[wp-hackers] Putting the P in WordPress
Gavin.Pearce at 3seven9.com
Tue Jul 6 12:09:31 UTC 2010
> Not rubbish at all, but standard practice in law, in both the US and the UK
> (and many other territories). Here' s one reference
Both your links only list the following scenarios for loosing trademarks:
1# trademark rights may be lost through genericity
2# improper licensing and assignment
Point 6 from which you linked to stated:
Can trademark rights be lost?
"The rights to a trademark can be lost through abandonment, improper licensing or assignment, or genericity."
None of the above apply here.
The closest condition I can find is that you have to prove you are using your trademark and it isn't abandoned - I definitely can't find any articles that suggest you must force users to match the case of your Trademark else risk losing it.

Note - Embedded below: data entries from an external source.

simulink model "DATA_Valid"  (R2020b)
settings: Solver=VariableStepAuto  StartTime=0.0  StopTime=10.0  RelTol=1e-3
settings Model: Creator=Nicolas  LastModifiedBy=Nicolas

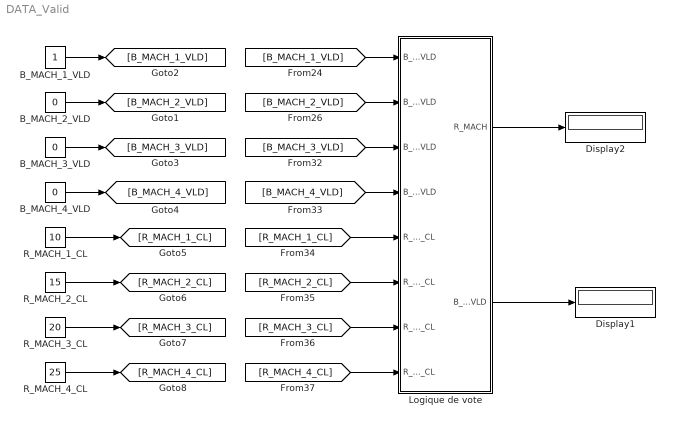
== system DATA_Valid ==
  B_MACH_1_VLD : Constant  OutDataTypeStr=single
  B_MACH_2_VLD : Constant  Value=0  OutDataTypeStr=single
  B_MACH_3_VLD : Constant  Value=0  OutDataTypeStr=single
  B_MACH_4_VLD : Constant  Value=0  OutDataTypeStr=single
  Display1 : Display
  Display2 : Display
  Logique de vote : Subsystem
  R_MACH_1_CL : Constant  Value=10  OutDataTypeStr=single
  R_MACH_2_CL : Constant  Value=15  OutDataTypeStr=single
  R_MACH_3_CL : Constant  Value=20  OutDataTypeStr=single
  R_MACH_4_CL : Constant  Value=25  OutDataTypeStr=single
  wires:
  [B_MACH_4_VLD] -> Logique de vote/4(B_MACH_4_VLD)
  B_MACH_2_VLD/1 -> [B_MACH_2_VLD]
  [B_MACH_2_VLD] -> Logique de vote/2(B_MACH_2_VLD)
  R_MACH_3_CL/1 -> [R_MACH_3_CL]
  [B_MACH_1_VLD] -> Logique de vote/1(B_MACH_1_VLD)
  [B_MACH_3_VLD] -> Logique de vote/3(B_MACH_3_VLD)
  [R_MACH_3_CL] -> Logique de vote/7(R_MACH_3_CL)
  Logique de vote/1(R_MACH) -> Display2/1
  [R_MACH_2_CL] -> Logique de vote/6(R_MACH_2_CL)
  R_MACH_2_CL/1 -> [R_MACH_2_CL]
  [R_MACH_4_CL] -> Logique de vote/8(R_MACH_4_CL)
  B_MACH_1_VLD/1 -> [B_MACH_1_VLD]
  B_MACH_4_VLD/1 -> [B_MACH_4_VLD]
  R_MACH_4_CL/1 -> [R_MACH_4_CL]
  B_MACH_3_VLD/1 -> [B_MACH_3_VLD]
  R_MACH_1_CL/1 -> [R_MACH_1_CL]
  [R_MACH_1_CL] -> Logique de vote/5(R_MACH_1_CL)
  Logique de vote/2(B_MACH_VLD) -> Display1/1

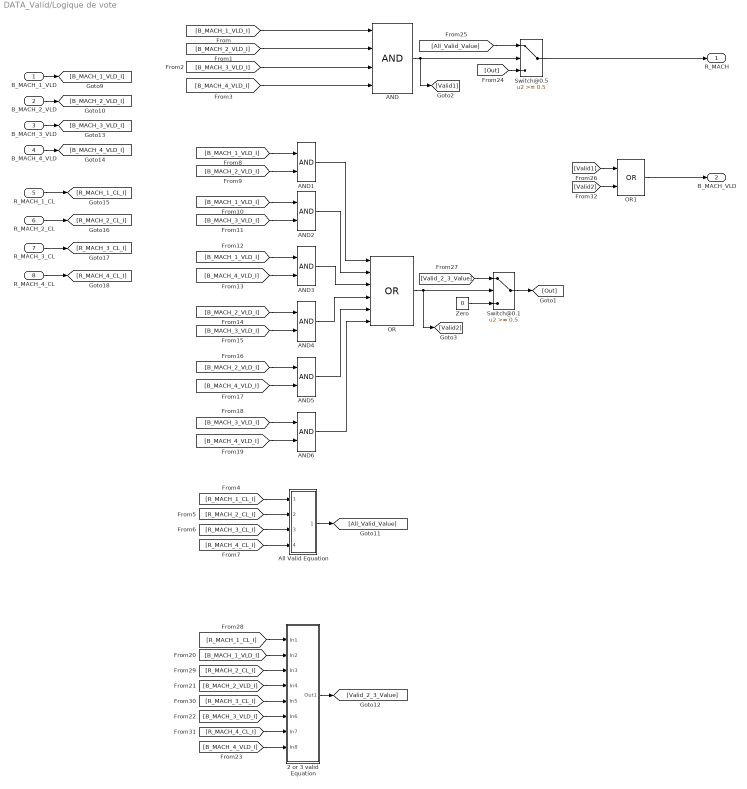
== system DATA_Valid/Logique de vote ==
  B_MACH_1_VLD : Inport
  B_MACH_2_VLD : Inport  Port=2
  B_MACH_3_VLD : Inport  Port=3
  B_MACH_4_VLD : Inport  Port=4
  R_MACH_1_CL : Inport  Port=5
  R_MACH_2_CL : Inport  Port=6
  R_MACH_3_CL : Inport  Port=7
  R_MACH_4_CL : Inport  Port=8
  2 or 3 valid Equation : Subsystem
  AND : Logic  Inputs=4  IconShape=distinctive  AllPortsSameDT=off  OutDataTypeStr=boolean
  AND{1..6} (6 alike) : Logic  IconShape=distinctive  AllPortsSameDT=off  OutDataTypeStr=boolean
  All Valid Equation : Subsystem
  OR : Logic  Operator=OR  Inputs=6  IconShape=distinctive  AllPortsSameDT=off  OutDataTypeStr=boolean
  OR1 : Logic  Operator=OR  IconShape=distinctive  AllPortsSameDT=off  OutDataTypeStr=boolean
  Switch@0.1 : Switch  Threshold=0.5
  Switch@0.5 : Switch  Threshold=0.5
  Zero : Constant  Value=0  OutDataTypeStr=single
  R_MACH : Outport
  B_MACH_VLD : Outport  Port=2
  wires:
  [B_MACH_2_VLD_I] -> AND1/2
  B_MACH_3_VLD/1 -> [B_MACH_3_VLD_I]
  [B_MACH_2_VLD_I] -> AND/2
  [B_MACH_4_VLD_I] -> AND/4
  [B_MACH_1_VLD_I] -> AND/1
  R_MACH_2_CL/1 -> [R_MACH_2_CL_I]
  [B_MACH_3_VLD_I] -> AND2/2
  R_MACH_1_CL/1 -> [R_MACH_1_CL_I]
  [R_MACH_2_CL_I] -> All Valid Equation/2(In2)
  [B_MACH_4_VLD_I] -> AND3/2
  AND2/1 -> OR/2
  [B_MACH_2_VLD_I] -> AND5/1
  [B_MACH_1_VLD_I] -> AND2/1
  [B_MACH_3_VLD_I] -> AND4/2
  [B_MACH_3_VLD_I] -> AND/3
  R_MACH_4_CL/1 -> [R_MACH_4_CL_I]
  AND4/1 -> OR/4
  B_MACH_1_VLD/1 -> [B_MACH_1_VLD_I]
  AND/1 -> [Valid1], Switch@0.5/2
  [R_MACH_4_CL_I] -> 2 or 3 valid Equation/7(In7)
  [B_MACH_3_VLD_I] -> AND6/1
  [Valid_2_3_Value] -> Switch@0.1/1
  AND5/1 -> OR/5
  OR/1 -> [Valid2], Switch@0.1/2
  [B_MACH_1_VLD_I] -> AND1/1
  [B_MACH_1_VLD_I] -> AND3/1
  [B_MACH_3_VLD_I] -> 2 or 3 valid Equation/6(In6)
  B_MACH_4_VLD/1 -> [B_MACH_4_VLD_I]
  [B_MACH_4_VLD_I] -> AND6/2
  [R_MACH_1_CL_I] -> All Valid Equation/1(In1)
  2 or 3 valid Equation/1(Out1) -> [Valid_2_3_Value]
  [R_MACH_3_CL_I] -> All Valid Equation/3(In3)
  [B_MACH_4_VLD_I] -> AND5/2
  [B_MACH_1_VLD_I] -> 2 or 3 valid Equation/2(In2)
  [R_MACH_3_CL_I] -> 2 or 3 valid Equation/5(In5)
  [R_MACH_4_CL_I] -> All Valid Equation/4(In4)
  All Valid Equation/1(Out1) -> [All_Valid_Value]
  [All_Valid_Value] -> Switch@0.5/1
  AND3/1 -> OR/3
  [R_MACH_1_CL_I] -> 2 or 3 valid Equation/1(In1)
  [B_MACH_2_VLD_I] -> 2 or 3 valid Equation/4(In4)
  [R_MACH_2_CL_I] -> 2 or 3 valid Equation/3(In3)
  AND6/1 -> OR/6
  [B_MACH_4_VLD_I] -> 2 or 3 valid Equation/8(In8)
  [B_MACH_2_VLD_I] -> AND4/1
  AND1/1 -> OR/1
  Zero/1 -> Switch@0.1/3
  R_MACH_3_CL/1 -> [R_MACH_3_CL_I]
  Switch@0.5/1 -> R_MACH/1
  B_MACH_2_VLD/1 -> [B_MACH_2_VLD_I]
  Switch@0.1/1 -> [Out]
  [Out] -> Switch@0.5/3
  [Valid1] -> OR1/1
  [Valid2] -> OR1/2
  OR1/1 -> B_MACH_VLD/1

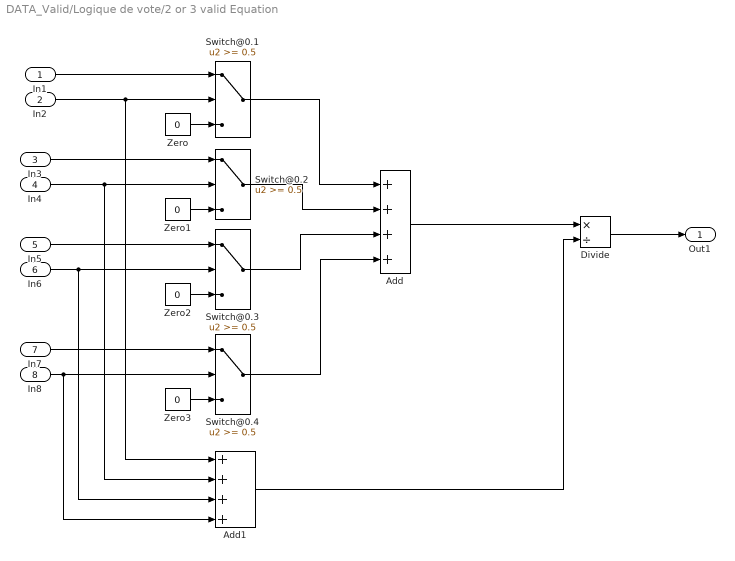
== system DATA_Valid/Logique de vote/2 or 3 valid Equation ==
  In1 : Inport
  In2 : Inport  Port=2
  In3 : Inport  Port=3
  In4 : Inport  Port=4
  In5 : Inport  Port=5
  In6 : Inport  Port=6
  In7 : Inport  Port=7
  In8 : Inport  Port=8
  Add : Sum  Inputs=++++
  Add1 : Sum  Inputs=++++
  Divide : Product  Inputs=*/
  Switch@0.{1..4} (4 alike) : Switch  Threshold=0.5
  Zero{,1..3} (4 alike) : Constant  Value=0  OutDataTypeStr=single
  Out1 : Outport
  wires:
  Add/1 -> Divide/1
  Zero3/1 -> Switch@0.4/3
  Zero/1 -> Switch@0.1/3
  Switch@0.3/1 -> Add/3
  Divide/1 -> Out1/1
  Switch@0.4/1 -> Add/4
  Zero2/1 -> Switch@0.3/3
  Zero1/1 -> Switch@0.2/3
  In1/1 -> Switch@0.1/1
  In5/1 -> Switch@0.3/1
  Switch@0.1/1 -> Add/1
  Switch@0.2/1 -> Add/2
  In3/1 -> Switch@0.2/1
  In2/1 -> Add1/1, Switch@0.1/2
  In6/1 -> Add1/3, Switch@0.3/2
  In8/1 -> Add1/4, Switch@0.4/2
  In4/1 -> Add1/2, Switch@0.2/2
  In7/1 -> Switch@0.4/1
  Add1/1 -> Divide/2

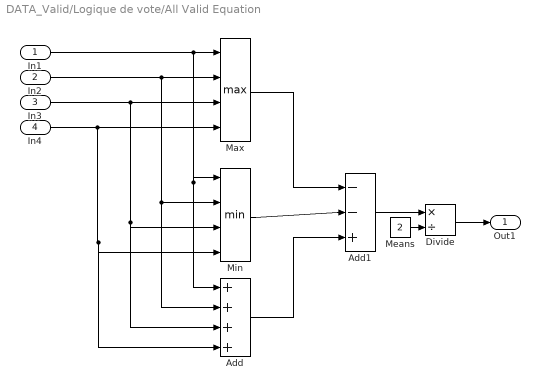
== system DATA_Valid/Logique de vote/All Valid Equation ==
  In1 : Inport
  In2 : Inport  Port=2
  In3 : Inport  Port=3
  In4 : Inport  Port=4
  Add : Sum  Inputs=++++
  Add1 : Sum  Inputs=--+
  Divide : Product  Inputs=*/
  Max : MinMax  Function=max  Inputs=4
  Means : Constant  Value=2  OutDataTypeStr=single
  Min : MinMax  Inputs=4
  Out1 : Outport
  wires:
  Add1/1 -> Divide/1
  In2/1 -> Add/2, Min/2, Max/2
  In3/1 -> Add/3, Min/3, Max/3
  Divide/1 -> Out1/1
  Means/1 -> Divide/2
  In1/1 -> Min/1, Add/1, Max/1
  In4/1 -> Add/4, Min/4, Max/4
  Max/1 -> Add1/1
  Min/1 -> Add1/2
  Add/1 -> Add1/3

I do agree that internally you have to police your trademark, make sure employees are using the correct one, and in the correct way yes.
Mircosoft - the experts on trademark law and rights/licensing enforcement that they are, give good examples.
Microsoft PowerPoint (and Outlook in fact) will prompt me via spell check to change Powerpoint to PowerPoint. It won't however *force* me to put PowerPoint, and I can even add Powerpoint to the dictionary if I wish....
From: wp-hackers-bounces at lists.automattic.com [mailto:wp-hackers-bounces at lists.automattic.com] On Behalf Of Mike Little
Sent: 06 July 2010 12:52
To: wp-hackers at lists.automattic.com
Subject: Re: [wp-hackers] Putting the P in WordPress
On 6 July 2010 11:53, Gavin Pearce <Gavin.Pearce at 3seven9.com> wrote:
> > As has been pointed out on this thread, WordPress is a trademark, and as
> > such *must* be actively protected, otherwise the trademark status will be
> > lost.
> As also pointed on this thread - that's complete rubbish. If enough people
> start writing MicroSoft, that doesn't "loose" Microsoft's right to the
> trademark. The only time this would be any issue in the slightest, is when
> trying to protect an "unregistered" trademark.
> End users writing Wordpress, Wordress, wOrDpReSs, WORDPRESS etc doesn't
> affect the trademark in any way whatsoever. (slightly different if WordPress
> foundation started doing it).
> (http://www.uspto.gov/trademarks/law/index.jsp |
Not rubbish at all, but standard practice in law, in both the US and the UK
(and many other territories). Here' s one reference
http://cyber.law.harvard.edu/metaschool/fisher/domain/tm.htm#6 and here's
are many if you wish to search.
If you do not actively police your trademark, you can lose the rights to it.